I have had Lena and Sonic since 6/29/12. is there a way to get them to stop from making their quills go in all directions so its harder for me to pick them up. Sonic does it more then Lena. Sonic will put his head down and make his quills go over his face and he will charge at me. Lena some times does that. I am able to pick up Lena easier then Sonic. Sonic will smell me and then he sometimes tries to bite me. Lena does try to bite me as well. she does the same thing smelling me and then tries to bite. they are grumpy hedges. also Lena has been scratching at the bottom of her cage to the point were I cant sleep. this morning I actually left my room and slept in the living room. what can I do to get them to stop these things? 

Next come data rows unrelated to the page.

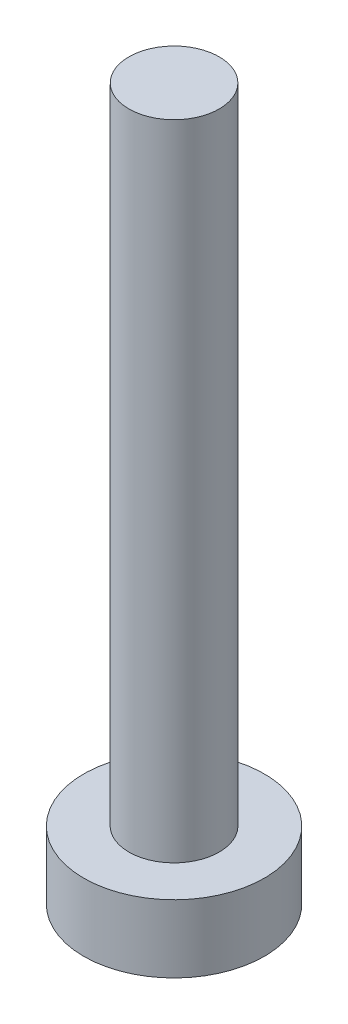
SolidWorks part; units mm, degrees
ref_plane "Plan de face" through (0, 0, 0) normal (0, 0, 1) x (1, 0, 0)
ref_plane "Plan de dessus" through (0, 0, 0) normal (0, 1, 0) x (1, 0, 0)
ref_plane "Plan de droite" through (0, 0, 0) normal (1, 0, 0) x (0, 0, -1)
sketch "Esquisse1" plane through (0, 0, 0) normal (0, 1, 0) x (1, 0, 0)
  circle A0 centre (0, 0) radius 2
  circle A1 centre (0, 0) radius 4
extrude "Boss.-Extru.1" add sketch "Esquisse1" along normal blind 3
extrude "Boss.-Extru.3" add sketch "Esquisse1<4>" along normal blind 31.5 contours A0
sketch "Esquisse1<4>" plane through (0, 0, 0) normal (0, 1, 0) x (1, 0, 0) same geometry as "Esquisse1"
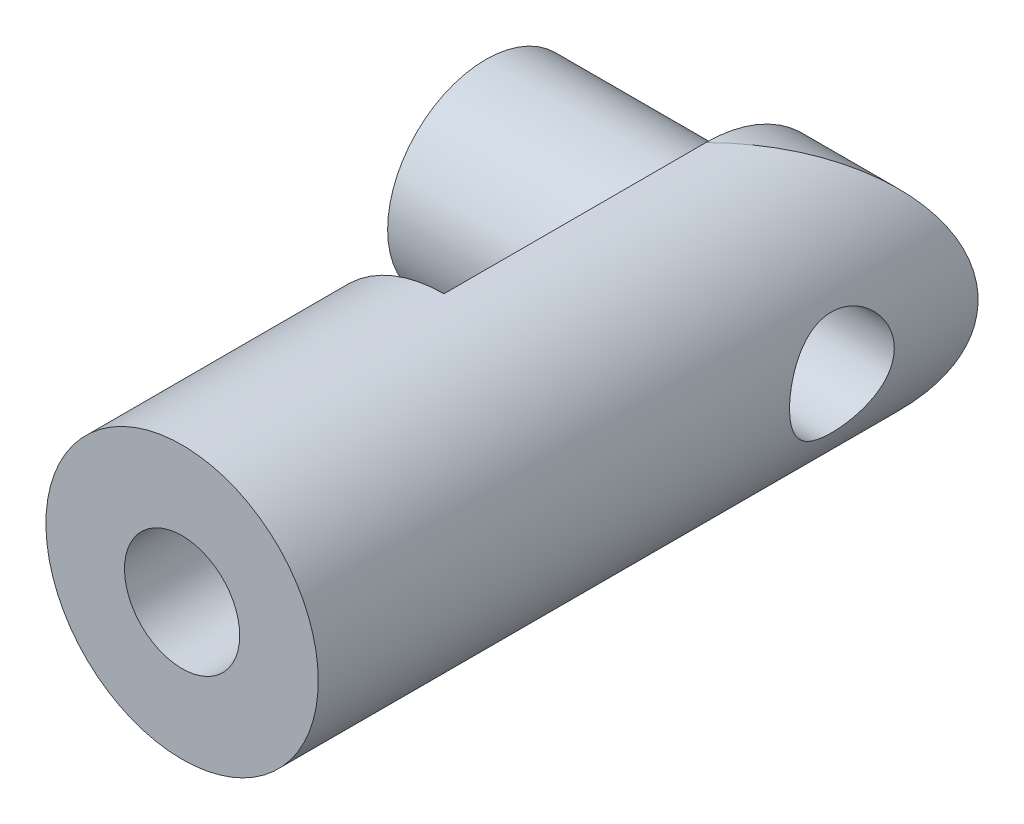
SolidWorks part; units mm, degrees
ref_plane "Front Plane" through (0, 0, 0) normal (0, 0, 1) x (1, 0, 0)
ref_plane "Top Plane" through (0, 0, 0) normal (0, 1, 0) x (1, 0, 0)
ref_plane "Right Plane" through (0, 0, 0) normal (1, 0, 0) x (0, 0, -1)
sketch "Sketch8" plane through (0, 0, 0) normal (0, 0, 1) x (1, 0, 0)
  circle A0 centre (0, 0) radius 1.1
  circle A1 centre (0, 0) radius 2.6
  dimension "D1" = 2.2
  dimension "D2" = 1.5
extrude "Boss-Extrude2" add sketch "Sketch8" along normal blind 5
sketch "Sketch9" plane through (0, 0, 0) normal (1, 0, 0) x (0, 0, -1)
  line L0 (0, 2.6) -> (5, 2.6)
  line L1 (0, -2.6) -> (5, -2.6)
  line L2 (0, 2.6) -> (0, -2.6)
  arc A0 (5, 2.6) -> (5, -2.6) centre (5, 0) cw
  dimension "D1" = 5
extrude "Boss-Extrude3" add sketch "Sketch9" along normal up to surface up to face at (2.6, 0, 5)
sketch "Sketch10" plane through (0, 0, 0) normal (-1, 0, 0) x (0, 0, 1)
  circle A0 centre (-5, 0) radius 1.875
  dimension "D1" = 3.75
extrude "Boss-Extrude4" add sketch "Sketch10" along normal blind 4.2
sketch "Sketch11" plane through (-4.2, 0, 0) normal (-1, 0, 0) x (0, 0, 1)
  circle A0 centre (-5, 0) radius 1
  dimension "D1" = 2
extrude "Cut-Extrude1" cut sketch "Sketch11" against normal through all
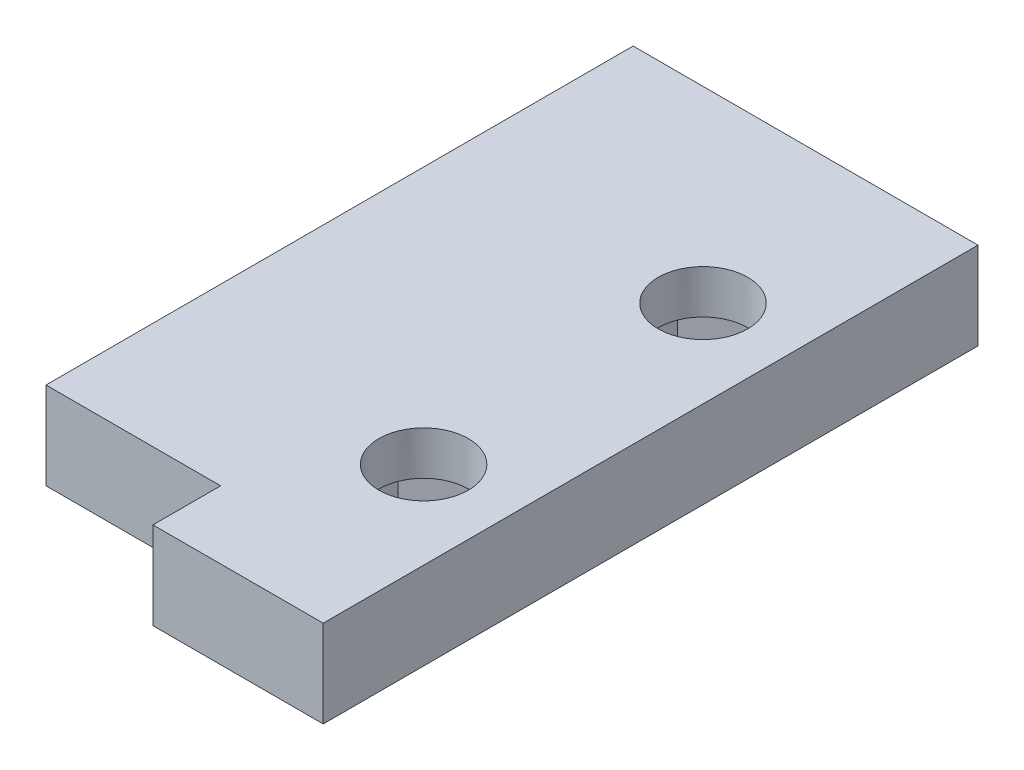
SolidWorks part; units mm, degrees
ref_plane "前视基准面" through (0, 0, 0) normal (0, 0, 1) x (1, 0, 0)
ref_plane "上视基准面" through (0, 0, 0) normal (0, 1, 0) x (1, 0, 0)
ref_plane "右视基准面" through (0, 0, 0) normal (1, 0, 0) x (0, 0, -1)
other "Configuration Table"
sketch "草图1" plane through (0, 0, 0) normal (0, 1, 0) x (1, 0, 0)
  line L1 (0, 0) -> (15.8, 0)
  line L2 (0, 0) -> (0, 30)
  line L3 (0, 30) -> (15.8, 30)
  line L4 (15.8, 0) -> (15.8, 30)
  dimension "D1" = 15.8
  dimension "D2" = 30
extrude "凸台-拉伸1" add sketch "草图1" along normal blind 4
sketch "草图2" plane through (0, 4, 0) normal (0, 1, 0) x (1, 0, 0)
  line L0 (11.8, 30) -> (11.8, 0) construction
  line L3 (0, 15) -> (15.8, 15) construction
  line L16 (0, 30) -> (0, 0) construction
  line L17 (15.8, 0) -> (15.8, 30) construction
  circle A0 centre (11.8, 21.4) radius 2.05
  circle A1 centre (11.8, 8.6) radius 2.05
  dimension "D1" = 4.1
  dimension "D2" = 4.1
  dimension "D3" = 12.8
  dimension "D4" = 4
extrude "切除-拉伸1" cut sketch "草图2" against normal through all
sketch "草图5" plane through (0, 0, 0) normal (0, -1, 0) x (1, 0, 0)
  line L1 (14.55, -7.0123) -> (11.8, -5.4246)
  line L2 (11.8, -5.4246) -> (9.05, -7.0123)
  line L3 (9.05, -7.0123) -> (9.05, -10.1877)
  line L4 (9.05, -10.1877) -> (11.8, -11.7754)
  line L5 (11.8, -11.7754) -> (14.55, -10.1877)
  line L6 (14.55, -10.1877) -> (14.55, -7.0123)
  line L7 (9.05, -22.9877) -> (11.8, -24.5754)
  line L8 (11.8, -24.5754) -> (14.55, -22.9877)
  line L9 (14.55, -22.9877) -> (14.55, -19.8123)
  line L10 (14.55, -19.8123) -> (11.8, -18.2246)
  line L11 (11.8, -18.2246) -> (9.05, -19.8123)
  line L12 (9.05, -19.8123) -> (9.05, -22.9877)
  circle A0 centre (11.8, -8.6) radius 2.75 construction
  circle A1 centre (11.8, -21.4) radius 2.75 construction
  dimension "D1" = 5.5
  dimension "D2" = 5.5
extrude "切除-拉伸2" cut sketch "草图5" against normal blind 2
ref_axis "基准轴1" through (11.8, 2, -21.4) along (0, 1, 0)
ref_axis "基准轴2" through (11.8, 2, -8.6) along (0, 1, 0)
sketch "草图7" plane through (0, 4, 0) normal (0, 1, 0) x (1, 0, 0)
  line L1 (0, 0) -> (8, 0)
  line L2 (0, 0) -> (0, 3.1)
  line L3 (0, 3.1) -> (8, 3.1)
  line L4 (8, 0) -> (8, 3.1)
  dimension "D1" = 3.1
  dimension "D2" = 8
extrude "切除-拉伸3" cut sketch "草图7" against normal up to next

I have slept with fleece and I have been taking them out for an hour a day.


----------



## SquiggyTheHedgie (Jul 26, 2011)

:/ Unfortunately if your hedgies are just naturally grumpy there's not much you can do to change their personalities. If bonding doesn't help their attitude with you all you can do is just accept that as part of who they are. To help when bonding though you should try picking them up with a blanket or piece of fleece. Their quills go in all directions because that is just the way they go naturally when feeling defensive. Try whispering to them gently before you bring them out, so they get used to your voice and know you're there.


----------



## moxieberry (Nov 30, 2011)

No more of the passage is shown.